= Cuto (comic) =

Series of comics by Jesús Blasco

Cuto is a series of comics created by Jesús Blasco in 1935 and published during 1940 and 1950 in the magazine called Chicos. Cuto is the most emblematic comic character in the history of Spanish comics, it has been compared to Tintin.

== Fictional character biography ==

Cuto is a Spanish boy, living in San Francisco, California. He works as a journalist, fact that leads him to getting caught up in police intrigues or international espionage. His adventures take place in exotic places and there are no or a few references to Spain, other than the character's nationality.

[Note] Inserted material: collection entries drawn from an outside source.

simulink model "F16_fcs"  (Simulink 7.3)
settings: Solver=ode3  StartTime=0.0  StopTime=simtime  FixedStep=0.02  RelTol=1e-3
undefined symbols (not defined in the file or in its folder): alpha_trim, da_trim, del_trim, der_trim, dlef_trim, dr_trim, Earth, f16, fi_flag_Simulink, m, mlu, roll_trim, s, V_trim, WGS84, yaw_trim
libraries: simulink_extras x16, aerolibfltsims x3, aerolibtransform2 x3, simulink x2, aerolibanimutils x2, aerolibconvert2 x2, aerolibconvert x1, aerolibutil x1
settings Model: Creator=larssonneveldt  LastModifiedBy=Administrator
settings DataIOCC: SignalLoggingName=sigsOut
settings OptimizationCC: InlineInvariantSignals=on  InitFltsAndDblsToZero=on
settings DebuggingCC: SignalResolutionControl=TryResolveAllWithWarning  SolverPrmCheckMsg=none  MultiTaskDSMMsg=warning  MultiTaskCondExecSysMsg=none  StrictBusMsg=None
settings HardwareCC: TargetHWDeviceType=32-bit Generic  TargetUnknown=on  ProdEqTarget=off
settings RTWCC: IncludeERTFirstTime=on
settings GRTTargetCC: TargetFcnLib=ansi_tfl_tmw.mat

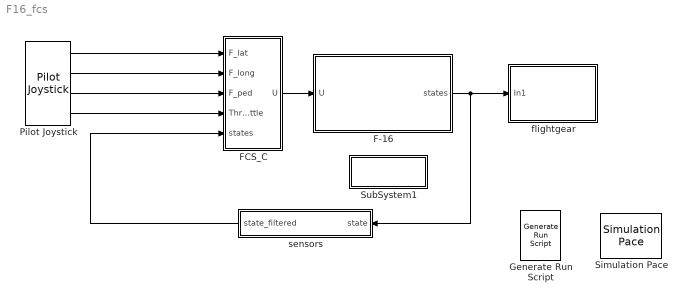
== system F16_fcs ==
  F-16 : Subsystem
      mask Display: image(imread('aerodata/f16.jpg'))
  FCS_C : Subsystem
  Generate Run Script : aerolibfltsims/Generate Run Script  DialogController=Aeroblks.DDGSource  SystemSampleTime=-1  OutputFileName=runfg.bat  FlightGearBaseDirectory=D:\Program Files\FlightGear  GeometryModelName=f16-mlu  DestinationPort=5502  AirportId=KSFO  RunwayId=10L  InitialAltitude=1000  InitialHeading=113  OffsetDistance=4.72  OffsetAzimuth=0  GenerateFile=off
  Pilot Joystick : aerolibanimutils/Pilot Joystick  JoystickID=Joystick1  OutputConfiguration=FourAxis  SampleTime=1/50
  Simulation Pace : aerolibanimutils/Simulation Pace  SimulationPace=1  SleepMode=MATLAB Thread  OutputPaceError=off  SampleTime=-1
      settings: AttributesFormatString=%<SimulationPace> sec/sec
  SubSystem1 : Subsystem
      settings: OpenFcn=edit(fullfile(cd,'F16_dyn.c'))
      mask Display: disp('F16_dyn.c');
  flightgear : Subsystem
  sensors : Subsystem
  wires:
  Pilot Joystick/1 -> FCS_C/1(F_lat)
  Pilot Joystick/2 -> FCS_C/2(F_long)
  Pilot Joystick/4 -> FCS_C/4(Throttle)
  sensors/1(state_filtered) -> FCS_C/5(states)
  F-16/1(states) -> flightgear/1(In1), sensors/1(state)
  FCS_C/1(U) -> F-16/1(U)
  Pilot Joystick/3 -> FCS_C/3(F_ped)

== system F16_fcs/F-16 ==
  U : Inport
  F-16 dynamics : S-Function  FunctionName=F16_dyn  Parameters=init_x  EnableBusSupport=off
      mask Display: image(imread('aerodata/f16.jpg'))
  LEF : Subsystem
      mask Display: port_label('output', 1, 'dlef')
  Mux : Mux  Inputs=2
  fi_flag : Constant  Value=fi_flag_Simulink  OutDataType=sfix(16)  OutScaling=2^0
  states : Outport
  wires:
  fi_flag/1 -> F-16 dynamics/3
  LEF/1("delta_lef ") -> F-16 dynamics/2
  U/1 -> F-16 dynamics/1
  F-16 dynamics/1 -> LEF/1(state), Mux/1
  F-16 dynamics/2 -> Mux/2
  Mux/1 -> states/1

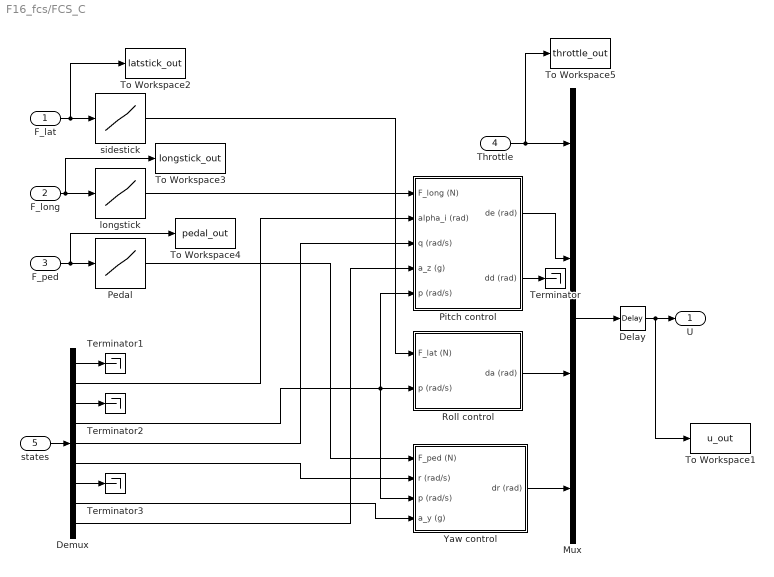
== system F16_fcs/FCS_C ==
  F_lat : Inport  OutDataType=sfix(16)  OutScaling=2^0
  F_long : Inport  Port=2  OutDataType=sfix(16)  OutScaling=2^0
  F_ped : Inport  Port=3  OutDataType=sfix(16)  OutScaling=2^0
  Throttle : Inport  Port=4  OutDataType=sfix(16)  OutScaling=2^0
  states : Inport  Port=5  OutDataType=sfix(16)  OutScaling=2^0
  Delay : TransportDelay  DelayTime=0.02
  Demux : Demux  Outputs=[2 1 3 1 1 1 4 1 1]
  Mux : Mux
  Pedal : Lookup  InputValues=[-1 -0.5 0.2 0.2 0.5 1]  Table=[-520 -70 0 0 70 520]  OutDataType=sfix(16)  OutScaling=2^0
  Pitch control : Subsystem
  Roll control : Subsystem
  Terminator{,1..3} (4 alike) : Terminator
  To Workspace1 : ToWorkspace  VariableName=u_out  SampleTime=-1  SaveFormat=Structure With Time
  To Workspace2 : ToWorkspace  VariableName=latstick_out  SampleTime=-1  SaveFormat=Structure With Time
  To Workspace3 : ToWorkspace  VariableName=longstick_out  SampleTime=-1  SaveFormat=Structure With Time
  To Workspace4 : ToWorkspace  VariableName=pedal_out  SampleTime=-1  SaveFormat=Structure With Time
  To Workspace5 : ToWorkspace  VariableName=throttle_out  SampleTime=-1  SaveFormat=Structure With Time
  Yaw control : Subsystem
  longstick : Lookup  InputValues=[-1,-0.5,-0.125,0.125,0.5,1]  Table=[-60,-20,0,0,30,160]  OutDataType=sfix(16)  OutScaling=2^0
  sidestick : Lookup  InputValues=[-1,-0.5,-0.2,0.2,0.5,1]  Table=[-80,-20,0,0,20,80]  OutDataType=sfix(16)  OutScaling=2^0
  U : Outport  OutDataType=sfix(16)  OutScaling=2^0
  wires:
  Pitch control/2(dd (rad)) -> Terminator/1
  Pitch control/1(de (rad)) -> Mux/2
  Yaw control/1(dr (rad)) -> Mux/4
  Mux/1 -> Delay/1
  Throttle/1 -> Mux/1, To Workspace5/1
  F_ped/1 -> Pedal/1, To Workspace4/1
  states/1 -> Demux/1
  Demux/1 -> Terminator1/1
  Demux/3 -> Terminator2/1
  Demux/7 -> Terminator3/1
  Demux/2 -> Pitch control/2(alpha_i (rad))
  Demux/4 -> Roll control/2(p (rad/s)), Pitch control/5(p (rad/s)), Yaw control/3(p (rad/s))
  Demux/5 -> Pitch control/3(q (rad/s))
  Demux/6 -> Yaw control/2(r (rad/s))
  F_long/1 -> longstick/1, To Workspace3/1
  F_lat/1 -> sidestick/1, To Workspace2/1
  Delay/1 -> U/1, To Workspace1/1
  Roll control/1(da (rad)) -> Mux/3
  Demux/9 -> Pitch control/4(a_z (g))
  Demux/8 -> Yaw control/4(a_y (g))
  sidestick/1 -> Roll control/1(F_lat (N))
  longstick/1 -> Pitch control/1(F_long (N))
  Pedal/1 -> Yaw control/1(F_ped (N))

== system F16_fcs/SubSystem1 ==

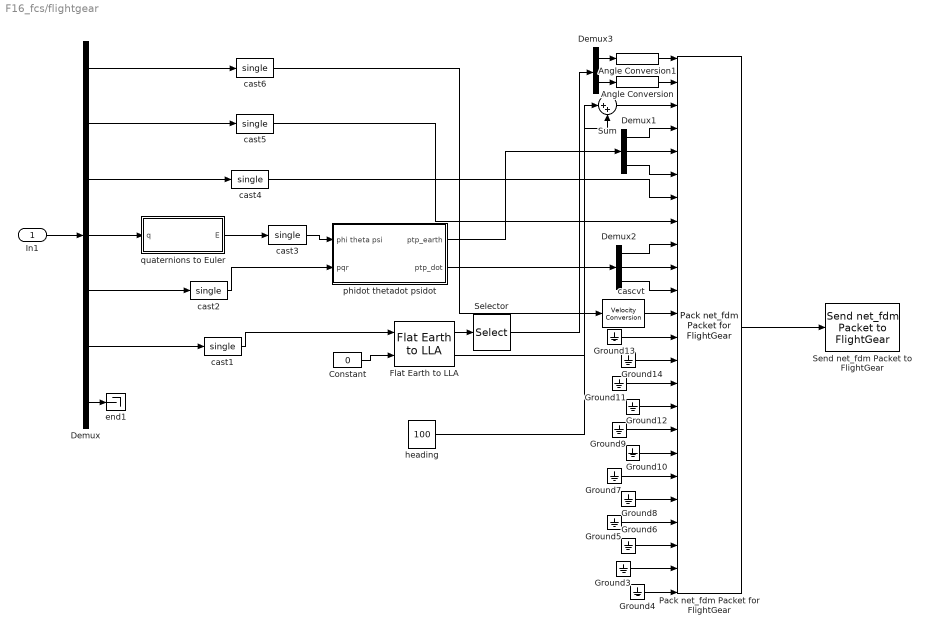
== system F16_fcs/flightgear ==
  In1 : Inport
  Angle Conversion : aerolibconvert2/Angle Conversion  SystemSampleTime=-1  IU=deg  OU=rad
  Angle Conversion1 : aerolibconvert2/Angle Conversion  SystemSampleTime=-1  IU=deg  OU=rad
  Constant : Constant  Value=0  OutDataType=sfix(16)  OutScaling=2^0
  Demux : Demux  Outputs=[1 1 1 4 3 3 3]
  Demux1 : Demux  Outputs=3
  Demux2 : Demux  Outputs=3
  Demux3 : Demux  Outputs=2
  Flat Earth to LLA : aerolibtransform2/Flat Earth to LLA  SystemSampleTime=-1  units=Metric (MKS)  ptype=Earth (WGS84)  F=1/298.257223563  R=6378137  LL0=[37.7889 -122.4778]  psi=0
  Ground{3..14} (12 alike) : Ground
  Pack net_fdm Packet for FlightGear : aerolibfltsims/Pack net_fdm Packet for FlightGear  FlightGearVersion=v0.9.10  ShowPositionAttitudeInputs=on  ShowVelocityAccelerationInputs=on  ShowControlSurfacePositionInputs=off  ShowEngineFuelInputs=off  ShowLandingGearInputs=off  ShowEnvironmentInputs=off  SampleTime=-1
  Selector : Selector  InputPortWidth=2  IndexOptions=Index vector (dialog)  Indices=[2 1]  OutputSizes=1
  Send net_fdm Packet to FlightGear : aerolibfltsims/Send net_fdm Packet to FlightGear  DestinationIpAddress=127.0.0.1  DestinationPort=5502  LocalIpPort=-1  SampleTime=-1
  Sum : Sum  Inputs=|++  OutDataType=sfix(16)  OutScaling=2^0
  cascvt : aerolibconvert/Velocity Conversion  SystemSampleTime=-1  IU=m/s  OU=kts
  cast{1..6} (6 alike) : DataTypeConversion  OutDataTypeMode=single  OutDataType=sfix(16)  OutScaling=2^0  OutDataTypeStr=single  SaturateOnIntegerOverflow=on
  end1 : Terminator
  heading : Constant  Value=100  OutDataType=sfix(16)  OutScaling=2^0
  phidot thetadot psidot : Subsystem
  quaternions to Euler : Subsystem
  wires:
  Ground3/1 -> Pack net_fdm Packet for FlightGear/23
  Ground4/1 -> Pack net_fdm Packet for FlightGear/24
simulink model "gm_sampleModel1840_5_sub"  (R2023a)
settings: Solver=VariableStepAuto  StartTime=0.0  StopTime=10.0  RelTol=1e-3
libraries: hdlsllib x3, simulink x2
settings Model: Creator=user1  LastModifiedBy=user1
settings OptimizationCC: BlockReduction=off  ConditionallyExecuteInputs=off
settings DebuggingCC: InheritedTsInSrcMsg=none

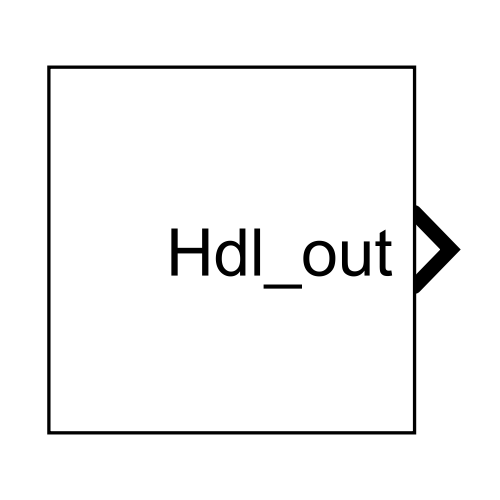
[thumbnail: Simulink's stored preview of the top-level diagram]
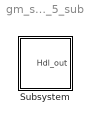
== system gm_sampleModel1840_5_sub ==
  Subsystem : Subsystem

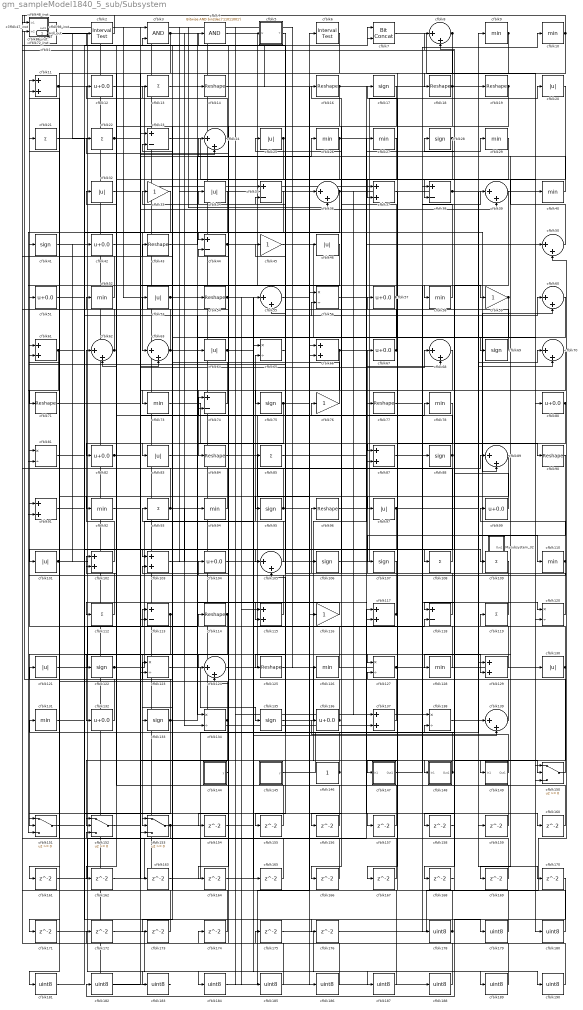
== system gm_sampleModel1840_5_sub/Subsystem ==
  Mysubsystem_32 : Subsystem
  cfblk1 : simulink/Logic and Bit Operations/Bit Clear  iBit=0
      settings: LibrarySourceBlock=|
      | hdlsllib/Logic and Bit
      | Operations/Bit Clear
  cfblk{9..10,26..27,29,40,52,58,73,78,92,94,110,126,128,131} (16 alike) : MinMax  OutDataTypeStr=uint8
  cfblk100_inst : Subsystem
  cfblk{20,25,32,34,46,53,64,83,97,101,121,130} (12 alike) : Abs  OutDataTypeStr=uint8  SaturateOnIntegerOverflow=off
  cfblk{11,37,61,66,87,91,102..103,115,117,129,137} (12 alike) : Sum  OutDataTypeStr=uint8
  cfblk{12,42,51,57,67,80,82,99,104,132,136} (11 alike) : Bias  Bias=0.0  SaturateOnIntegerOverflow=off
  cfblk{8,24,36,39,50,55,60,62..63,68,70,89,105,124,139} (15 alike) : Sum  Inputs=|++  OutDataTypeStr=uint8
  cfblk{17,28,41,69,75,88,95,106..107,122,133,135} (12 alike) : Signum
  cfblk{13,21..22,85,93,108..109,112,119} (9 alike) : Sum  Inputs=+  OutDataTypeStr=uint8
  cfblk111_inst : Subsystem
  cfblk{23,35,38,44,74,113,118} (7 alike) : Sum  Inputs=+-  OutDataTypeStr=uint8
  cfblk{14,16,18..19,43,54,71,77,84,90,96,114,125} (13 alike) : Reshape
  cfblk{33,45,59,76,116} (5 alike) : Gain  OutDataTypeStr=uint8
  cfblk{56,65,81,120,123,127,134,138} (8 alike) : Product  Inputs=*/  OutDataTypeStr=uint8  RndMeth=Zero  SaturateOnIntegerOverflow=on
  cfblk141_inst : Subsystem
  cfblk144 : Subsystem  mask(Counter Free-Running){NumBits=double(16), tsamp=double(-1)}
      mask prompts: NumBits "Simulink:masks:NumberOfBits_MP"; tsamp "Simulink:masks:SampleTime_MP"
      mask help: Simulink:masks:CounterFreeRunning_MD
  cfblk145 : Subsystem  mask(Counter Limited){uplimit=double(7), tsamp=double(-1)}
      mask prompts: uplimit "Simulink:masks:UpperLimit_MP"; tsamp "Simulink:masks:SampleTime_MP"
      mask help: Simulink:masks:CounterLimited_MD
      mask init:
      | nbits = double(8);
      | tsamp = double(-1);
      | uplimit = double(7);
  cfblk146 : Constant  OutDataTypeStr=uint8  SampleTime=-1
  cfblk147 : Subsystem
  cfblk148 : Subsystem
  cfblk149 : Subsystem
  cfblk{150..153} (4 alike) : Switch  OutDataTypeStr=uint8  SaturateOnIntegerOverflow=off  InputSameDT=off
  cfblk{154..176} (23 alike) : Delay  SampleTime=1
  cfblk15_inst : Subsystem
  cfblk{178..190} (13 alike) : DataTypeConversion  OutDataTypeStr=uint8  SaturateOnIntegerOverflow=off  RndMeth=Floor
  cfblk2 : hdlsllib/Logic and Bit Operations/Interval Test  IntervalClosedRight=on  uplimit=0.5  IntervalClosedLeft=on  lowlimit=-0.5  OutDataTypeStr=uint8
  cfblk3 : Logic  AllPortsSameDT=off  OutDataTypeStr=boolean
  cfblk31_inst : Subsystem
  cfblk4 : simulink/Logic and Bit Operations/Bitwise Operator  logicop=AND  UseBitMask=on  BitMask=bin2dec('11011001')  BitMaskRealWorld=Stored Integer
      settings: LibrarySourceBlock=|
      | hdlsllib/Logic and Bit
      | Operations/Bitwise
      | Operator
  cfblk47_inst : Subsystem
  cfblk48_inst : Subsystem
  cfblk5 : Subsystem  mask(Detect Rise Nonnegative){vinit=double(0), InputProcessing=Elements as channels (sample based), OutDataTypeStr=uint8}
      mask prompts: vinit "Simulink:masks:InitialCondition_MP"; InputProcessing "Simulink:masks:InputProcessing_MP"; OutDataTypeStr "Simulink:masks:OutputDataType_MP"
      mask help: Simulink:masks:DetectRiseNonnegative_MD
      mask init:
      | InputProcessing = 'Elements as channels (sample based)';
      | OutDataTypeStr = 'uint8';
      | vinit = double(0);
      mask TypeOptions InputProcessing: Simulink:masks:ColumnsAsChannelsFrameBased | Simulink:masks:ElementsAsChannelsSampleBased
      mask TypeOptions OutDataTypeStr: Simulink:masks:uint8 | Simulink:masks:boolean
      mask Display: fprintf('U >= 0\n&  NOT\nU/z >= 0')
  cfblk6 : hdlsllib/Logic and Bit Operations/Interval Test  IntervalClosedRight=on  uplimit=0.5  IntervalClosedLeft=on  lowlimit=-0.5  OutDataTypeStr=uint8
  cfblk7 : hdlsllib/Logic and Bit Operations/Bit Concat  numInputs=2
  cfblk72_inst : Subsystem
  cfblk86_inst : Subsystem
  cfblk98_inst : Subsystem
  Hdl_out : Outport  OutDataTypeStr=uint8  SampleTime=1
  wires:
  Mysubsystem_32/1(Out1) -> cfblk128/1
  cfblk1/1 -> cfblk184/1
  cfblk10/1 -> cfblk98_inst/1(in1), cfblk18/1
  cfblk100_inst/1(out1) -> cfblk36/1, cfblk19/1
  cfblk101/1 -> cfblk42/1, cfblk129/2
  cfblk102/1 -> cfblk62/1
  cfblk103/1 -> cfblk94/1
  cfblk104/1 -> cfblk76/1
  cfblk105/1 -> cfblk65/2
  cfblk106/1 -> cfblk20/1
  cfblk107/1 -> cfblk96/1
  cfblk108/1 -> cfblk48_inst/1(in1)
  cfblk109/1 -> cfblk60/2
  cfblk11/1 -> cfblk63/1, cfblk139/1
  cfblk110/1 -> cfblk99/1, cfblk104/1
  cfblk111_inst/1(out1) -> cfblk165/1
  cfblk112/1 -> cfblk102/1
  cfblk113/1 -> cfblk43/1, cfblk132/1
  cfblk114/1 -> cfblk153/2, cfblk151/2
  cfblk115/1 -> cfblk11/1
  cfblk116/1 -> cfblk112/1
  cfblk117/1 -> cfblk16/1, cfblk93/1
  cfblk118/1 -> cfblk61/1
  cfblk119/1 -> cfblk67/1
  cfblk12/1 -> cfblk89/2
  cfblk120/1 -> cfblk34/1
  cfblk121/1 -> cfblk64/1
  cfblk122/1 -> cfblk63/2, cfblk65/1
  cfblk123/1 -> cfblk135/1
  cfblk124/1 -> cfblk89/1
  cfblk125/1 -> cfblk148/1(In1)
  cfblk126/1 -> cfblk52/1
  cfblk127/1 -> cfblk57/1, cfblk17/1, cfblk10/1
  cfblk128/1 -> cfblk13/1
  cfblk129/1 -> cfblk91/1
  cfblk13/1 -> cfblk134/1
  cfblk130/1 -> cfblk168/1, cfblk119/1
  cfblk131/1 -> cfblk153/1
  cfblk132/1 -> cfblk121/1
  cfblk133/1 -> cfblk98_inst/2(in2), cfblk171/1, cfblk78/1
  cfblk134/1 -> cfblk152/2, cfblk81/1
  cfblk135/1 -> cfblk27/1
  cfblk136/1 -> cfblk51/1, cfblk15_inst/2(in2)
  cfblk137/1 -> cfblk103/2
  cfblk138/1 -> cfblk70/2
  cfblk139/1 -> cfblk33/1
  cfblk14/1 -> cfblk66/2
  cfblk141_inst/1(out1) -> cfblk188/1
  cfblk144/1(y) -> cfblk114/1
  cfblk145/1(y) -> cfblk9/1
  cfblk146/1 -> cfblk11/2, cfblk131/1
  cfblk147/1(Out1) -> cfblk39/1
  cfblk148/1(Out1) -> cfblk53/1, cfblk105/2
  cfblk149/1(Out1) -> cfblk136/1
  cfblk15_inst/1(out1) -> cfblk130/1, cfblk106/1
  cfblk150/1 -> cfblk22/1
  cfblk151/1 -> cfblk157/1
  cfblk152/1 -> cfblk24/2
  cfblk153/1 -> cfblk152/3, cfblk129/1
  cfblk154/1 -> cfblk55/1
  cfblk155/1 -> cfblk102/2
  cfblk156/1 -> cfblk62/2
  cfblk157/1 -> cfblk44/2
  cfblk158/1 -> cfblk8/2
  cfblk159/1 -> cfblk23/2
  cfblk16/1 -> cfblk150/2, cfblk115/2
  cfblk160/1 -> cfblk3/2
  cfblk161/1 -> cfblk117/1
  cfblk162/1 -> cfblk66/1
  cfblk163/1 -> cfblk70/1
  cfblk164/1 -> cfblk118/2
  cfblk165/1 -> cfblk61/2
  cfblk166/1 -> cfblk100_inst/2(in2)
  cfblk167/1 -> cfblk113/1
  cfblk168/1 -> cfblk138/2
  cfblk169/1 -> cfblk15_inst/1(in1)
  cfblk17/1 -> cfblk162/1
  cfblk170/1 -> cfblk182/1
  cfblk171/1 -> cfblk183/1
  cfblk172/1 -> cfblk187/1
  cfblk173/1 -> cfblk86_inst/2(in2)
  cfblk174/1 -> cfblk123/1
  cfblk175/1 -> cfblk189/1
  cfblk176/1 -> cfblk50/2
  cfblk178/1 -> cfblk72_inst/2(in2), cfblk127/2
  cfblk179/1 -> cfblk77/1
  cfblk18/1 -> cfblk125/1, cfblk111_inst/2(in2), cfblk166/1
  cfblk180/1 -> cfblk28/1
  cfblk181/1 -> cfblk7/1
  cfblk182/1 -> cfblk7/2
  cfblk183/1 -> cfblk1/1
  cfblk184/1 -> cfblk6/1
  cfblk185/1 -> cfblk4/1
  cfblk186/1 -> cfblk174/1
  cfblk187/1 -> cfblk31_inst/1(in1)
  cfblk188/1 -> cfblk172/1
  cfblk189/1 -> cfblk48_inst/2(in2)
  cfblk19/1 -> cfblk133/1, cfblk124/1
  cfblk190/1 -> cfblk175/1
  cfblk2/1 -> cfblk72_inst/1(in1)
  cfblk20/1 -> cfblk169/1
  cfblk21/1 -> cfblk109/1
  cfblk22/1 -> Hdl_out/1, cfblk58/1
  cfblk23/1 -> cfblk80/1
  cfblk24/1 -> cfblk12/1
  cfblk25/1 -> cfblk122/1, cfblk92/1
  cfblk26/1 -> cfblk83/1, cfblk68/2
  cfblk27/1 -> cfblk75/1
  cfblk28/1 -> cfblk38/2, cfblk123/2
  cfblk29/1 -> cfblk95/1
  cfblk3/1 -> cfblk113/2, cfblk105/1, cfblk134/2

== Publishing trajectory ==

Blasco returns to Barcelona in 1940 after a period in a French concentration camp, starts working in the magazine "Chicos", directed by Consuelo Gil. The cartoonist reuses the character for this publication. Because of the lack of paper, he will produce three quarters of the series without being able to delete or retouch any page. A lot of these series were lost.

The first adventure of Cuto is "El Pequeño Policía" (16 p., number 143 to 158 of Chicos, 1940 to 3/41), where he works as a newsboy in New York City. The next comic was "Sin Rumbo" (, number 161 to 202 of "Chicos", 2/04/1941 to 25/02/42), takes place in India and Alaska, "El Pájaro Azul (Cuto héroe del aire)" (comic of 44 p., Ediciones Chicos, 1942) and "El Mundo Perdido" (59 p., number 206 to 267 of "Chicos", 25/03/1942 to 15/09/43), where Cuto travels to Egypt.

In the mid-1940s, "Tragedia en Oriente" (numbers 343 to 383 of "Chicos", 7/03/1945 to 28/04/1946) and "En los dominios de los sioux" (numbers 385 to 448 of "Chicos", 12/05/1946 to 3/08/1947) are published. Cuto is a teenager and the comic was a national phenomenon.